Look through the records below for the line with "#68=ORIENTED_EDGE('',*,*,#67,.T.);". Return that line and each one after it up to and including the line with "#103=VECTOR('',#102,1.);", exactly.
Start of Provided information
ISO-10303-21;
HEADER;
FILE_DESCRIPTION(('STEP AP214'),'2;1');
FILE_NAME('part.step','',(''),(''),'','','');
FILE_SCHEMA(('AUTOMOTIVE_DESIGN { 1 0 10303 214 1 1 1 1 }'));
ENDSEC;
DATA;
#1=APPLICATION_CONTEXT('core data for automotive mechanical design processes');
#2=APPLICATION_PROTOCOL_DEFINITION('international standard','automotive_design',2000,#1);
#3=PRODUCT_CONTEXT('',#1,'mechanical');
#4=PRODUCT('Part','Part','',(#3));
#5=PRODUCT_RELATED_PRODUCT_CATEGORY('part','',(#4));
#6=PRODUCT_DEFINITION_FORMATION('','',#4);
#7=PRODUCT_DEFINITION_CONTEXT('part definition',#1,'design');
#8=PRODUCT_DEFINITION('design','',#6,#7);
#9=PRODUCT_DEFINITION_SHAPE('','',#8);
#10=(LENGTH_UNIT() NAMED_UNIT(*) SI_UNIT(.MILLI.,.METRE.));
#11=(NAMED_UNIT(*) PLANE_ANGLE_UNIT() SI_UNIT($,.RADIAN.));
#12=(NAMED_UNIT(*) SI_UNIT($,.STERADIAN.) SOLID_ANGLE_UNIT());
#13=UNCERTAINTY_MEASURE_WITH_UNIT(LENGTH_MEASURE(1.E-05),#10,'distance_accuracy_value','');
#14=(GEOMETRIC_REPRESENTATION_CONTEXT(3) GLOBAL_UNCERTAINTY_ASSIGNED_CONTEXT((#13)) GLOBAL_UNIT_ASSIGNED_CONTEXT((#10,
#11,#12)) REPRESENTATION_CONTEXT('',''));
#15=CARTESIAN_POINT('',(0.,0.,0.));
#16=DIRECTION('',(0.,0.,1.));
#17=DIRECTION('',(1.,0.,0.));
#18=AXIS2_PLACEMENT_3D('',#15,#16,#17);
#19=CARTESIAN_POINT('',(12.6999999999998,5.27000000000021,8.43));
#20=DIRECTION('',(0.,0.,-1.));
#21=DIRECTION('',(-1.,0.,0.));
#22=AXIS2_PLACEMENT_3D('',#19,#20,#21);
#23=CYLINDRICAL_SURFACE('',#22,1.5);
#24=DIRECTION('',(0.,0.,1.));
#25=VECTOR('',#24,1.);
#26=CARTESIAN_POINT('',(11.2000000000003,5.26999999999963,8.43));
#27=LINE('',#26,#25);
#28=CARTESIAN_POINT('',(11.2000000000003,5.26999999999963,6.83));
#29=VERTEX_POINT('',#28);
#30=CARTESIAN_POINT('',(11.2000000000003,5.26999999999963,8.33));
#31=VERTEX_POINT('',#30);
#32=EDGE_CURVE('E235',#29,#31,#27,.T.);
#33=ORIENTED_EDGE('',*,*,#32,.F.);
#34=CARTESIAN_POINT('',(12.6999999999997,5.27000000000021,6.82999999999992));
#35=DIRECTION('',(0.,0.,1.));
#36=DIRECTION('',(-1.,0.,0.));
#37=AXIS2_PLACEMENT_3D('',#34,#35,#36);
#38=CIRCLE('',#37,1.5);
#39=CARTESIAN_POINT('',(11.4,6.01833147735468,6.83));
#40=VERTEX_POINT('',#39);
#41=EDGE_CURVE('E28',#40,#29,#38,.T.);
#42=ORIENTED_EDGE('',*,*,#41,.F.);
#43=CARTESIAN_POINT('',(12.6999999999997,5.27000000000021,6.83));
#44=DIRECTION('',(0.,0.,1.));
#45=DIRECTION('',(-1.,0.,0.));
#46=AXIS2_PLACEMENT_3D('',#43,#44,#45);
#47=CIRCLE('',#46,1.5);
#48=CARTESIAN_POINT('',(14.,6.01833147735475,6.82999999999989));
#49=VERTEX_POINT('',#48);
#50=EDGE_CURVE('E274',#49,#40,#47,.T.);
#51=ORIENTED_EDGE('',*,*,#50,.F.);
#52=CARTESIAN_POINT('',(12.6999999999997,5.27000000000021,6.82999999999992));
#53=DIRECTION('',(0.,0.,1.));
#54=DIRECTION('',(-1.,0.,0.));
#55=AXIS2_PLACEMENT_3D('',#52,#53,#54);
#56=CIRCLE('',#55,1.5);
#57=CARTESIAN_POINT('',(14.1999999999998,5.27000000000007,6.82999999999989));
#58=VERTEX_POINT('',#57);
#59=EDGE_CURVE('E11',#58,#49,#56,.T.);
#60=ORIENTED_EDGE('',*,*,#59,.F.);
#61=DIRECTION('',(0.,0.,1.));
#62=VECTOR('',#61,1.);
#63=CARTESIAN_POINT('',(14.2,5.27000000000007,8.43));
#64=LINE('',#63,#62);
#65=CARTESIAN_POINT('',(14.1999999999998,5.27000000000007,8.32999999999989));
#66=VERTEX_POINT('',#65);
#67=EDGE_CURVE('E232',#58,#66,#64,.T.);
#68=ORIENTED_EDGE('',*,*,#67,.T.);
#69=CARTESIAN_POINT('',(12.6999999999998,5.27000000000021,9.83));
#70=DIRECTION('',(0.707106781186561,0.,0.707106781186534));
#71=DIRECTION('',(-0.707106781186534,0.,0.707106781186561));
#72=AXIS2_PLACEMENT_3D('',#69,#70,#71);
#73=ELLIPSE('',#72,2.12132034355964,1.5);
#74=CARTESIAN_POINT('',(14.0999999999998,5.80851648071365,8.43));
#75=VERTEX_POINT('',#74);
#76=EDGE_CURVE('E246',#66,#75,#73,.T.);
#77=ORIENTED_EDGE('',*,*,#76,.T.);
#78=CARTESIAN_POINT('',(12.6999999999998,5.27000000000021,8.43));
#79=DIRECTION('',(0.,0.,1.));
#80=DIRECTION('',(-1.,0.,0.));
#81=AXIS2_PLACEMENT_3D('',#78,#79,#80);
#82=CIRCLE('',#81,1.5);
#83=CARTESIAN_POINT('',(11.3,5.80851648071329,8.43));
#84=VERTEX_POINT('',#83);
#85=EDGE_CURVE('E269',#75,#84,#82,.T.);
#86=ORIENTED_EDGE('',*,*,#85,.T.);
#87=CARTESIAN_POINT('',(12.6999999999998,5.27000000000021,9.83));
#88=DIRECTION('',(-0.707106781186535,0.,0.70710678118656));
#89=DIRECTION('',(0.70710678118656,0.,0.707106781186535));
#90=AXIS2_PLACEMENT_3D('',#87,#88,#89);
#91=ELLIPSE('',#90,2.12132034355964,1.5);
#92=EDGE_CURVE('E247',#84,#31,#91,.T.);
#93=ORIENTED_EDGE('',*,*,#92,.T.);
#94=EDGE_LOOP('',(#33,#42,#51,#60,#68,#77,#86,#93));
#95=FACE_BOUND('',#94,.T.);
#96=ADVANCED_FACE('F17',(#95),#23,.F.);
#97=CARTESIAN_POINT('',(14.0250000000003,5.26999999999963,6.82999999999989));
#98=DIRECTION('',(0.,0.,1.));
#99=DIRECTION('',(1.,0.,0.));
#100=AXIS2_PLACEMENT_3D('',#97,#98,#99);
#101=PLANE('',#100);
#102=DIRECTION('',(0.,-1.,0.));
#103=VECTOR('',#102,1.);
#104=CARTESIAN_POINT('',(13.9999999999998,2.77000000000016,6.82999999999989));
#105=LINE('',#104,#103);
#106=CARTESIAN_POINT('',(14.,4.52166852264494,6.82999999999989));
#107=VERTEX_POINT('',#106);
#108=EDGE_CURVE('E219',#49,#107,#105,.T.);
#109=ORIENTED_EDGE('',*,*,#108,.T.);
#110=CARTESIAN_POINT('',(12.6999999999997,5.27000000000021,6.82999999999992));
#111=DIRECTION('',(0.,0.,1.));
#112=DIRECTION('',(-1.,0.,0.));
End of Provided information
# Solution to this task
#68=ORIENTED_EDGE('',*,*,#67,.T.);
#69=CARTESIAN_POINT('',(12.6999999999998,5.27000000000021,9.83));
#70=DIRECTION('',(0.707106781186561,0.,0.707106781186534));
#71=DIRECTION('',(-0.707106781186534,0.,0.707106781186561));
#72=AXIS2_PLACEMENT_3D('',#69,#70,#71);
#73=ELLIPSE('',#72,2.12132034355964,1.5);
#74=CARTESIAN_POINT('',(14.0999999999998,5.80851648071365,8.43));
#75=VERTEX_POINT('',#74);
#76=EDGE_CURVE('E246',#66,#75,#73,.T.);
#77=ORIENTED_EDGE('',*,*,#76,.T.);
#78=CARTESIAN_POINT('',(12.6999999999998,5.27000000000021,8.43));
#79=DIRECTION('',(0.,0.,1.));
#80=DIRECTION('',(-1.,0.,0.));
#81=AXIS2_PLACEMENT_3D('',#78,#79,#80);
#82=CIRCLE('',#81,1.5);
#83=CARTESIAN_POINT('',(11.3,5.80851648071329,8.43));
#84=VERTEX_POINT('',#83);
#85=EDGE_CURVE('E269',#75,#84,#82,.T.);
#86=ORIENTED_EDGE('',*,*,#85,.T.);
#87=CARTESIAN_POINT('',(12.6999999999998,5.27000000000021,9.83));
#88=DIRECTION('',(-0.707106781186535,0.,0.70710678118656));
#89=DIRECTION('',(0.70710678118656,0.,0.707106781186535));
#90=AXIS2_PLACEMENT_3D('',#87,#88,#89);
#91=ELLIPSE('',#90,2.12132034355964,1.5);
#92=EDGE_CURVE('E247',#84,#31,#91,.T.);
#93=ORIENTED_EDGE('',*,*,#92,.T.);
#94=EDGE_LOOP('',(#33,#42,#51,#60,#68,#77,#86,#93));
#95=FACE_BOUND('',#94,.T.);
#96=ADVANCED_FACE('F17',(#95),#23,.F.);
#97=CARTESIAN_POINT('',(14.0250000000003,5.26999999999963,6.82999999999989));
#98=DIRECTION('',(0.,0.,1.));
#99=DIRECTION('',(1.,0.,0.));
#100=AXIS2_PLACEMENT_3D('',#97,#98,#99);
#101=PLANE('',#100);
#102=DIRECTION('',(0.,-1.,0.));
#103=VECTOR('',#102,1.);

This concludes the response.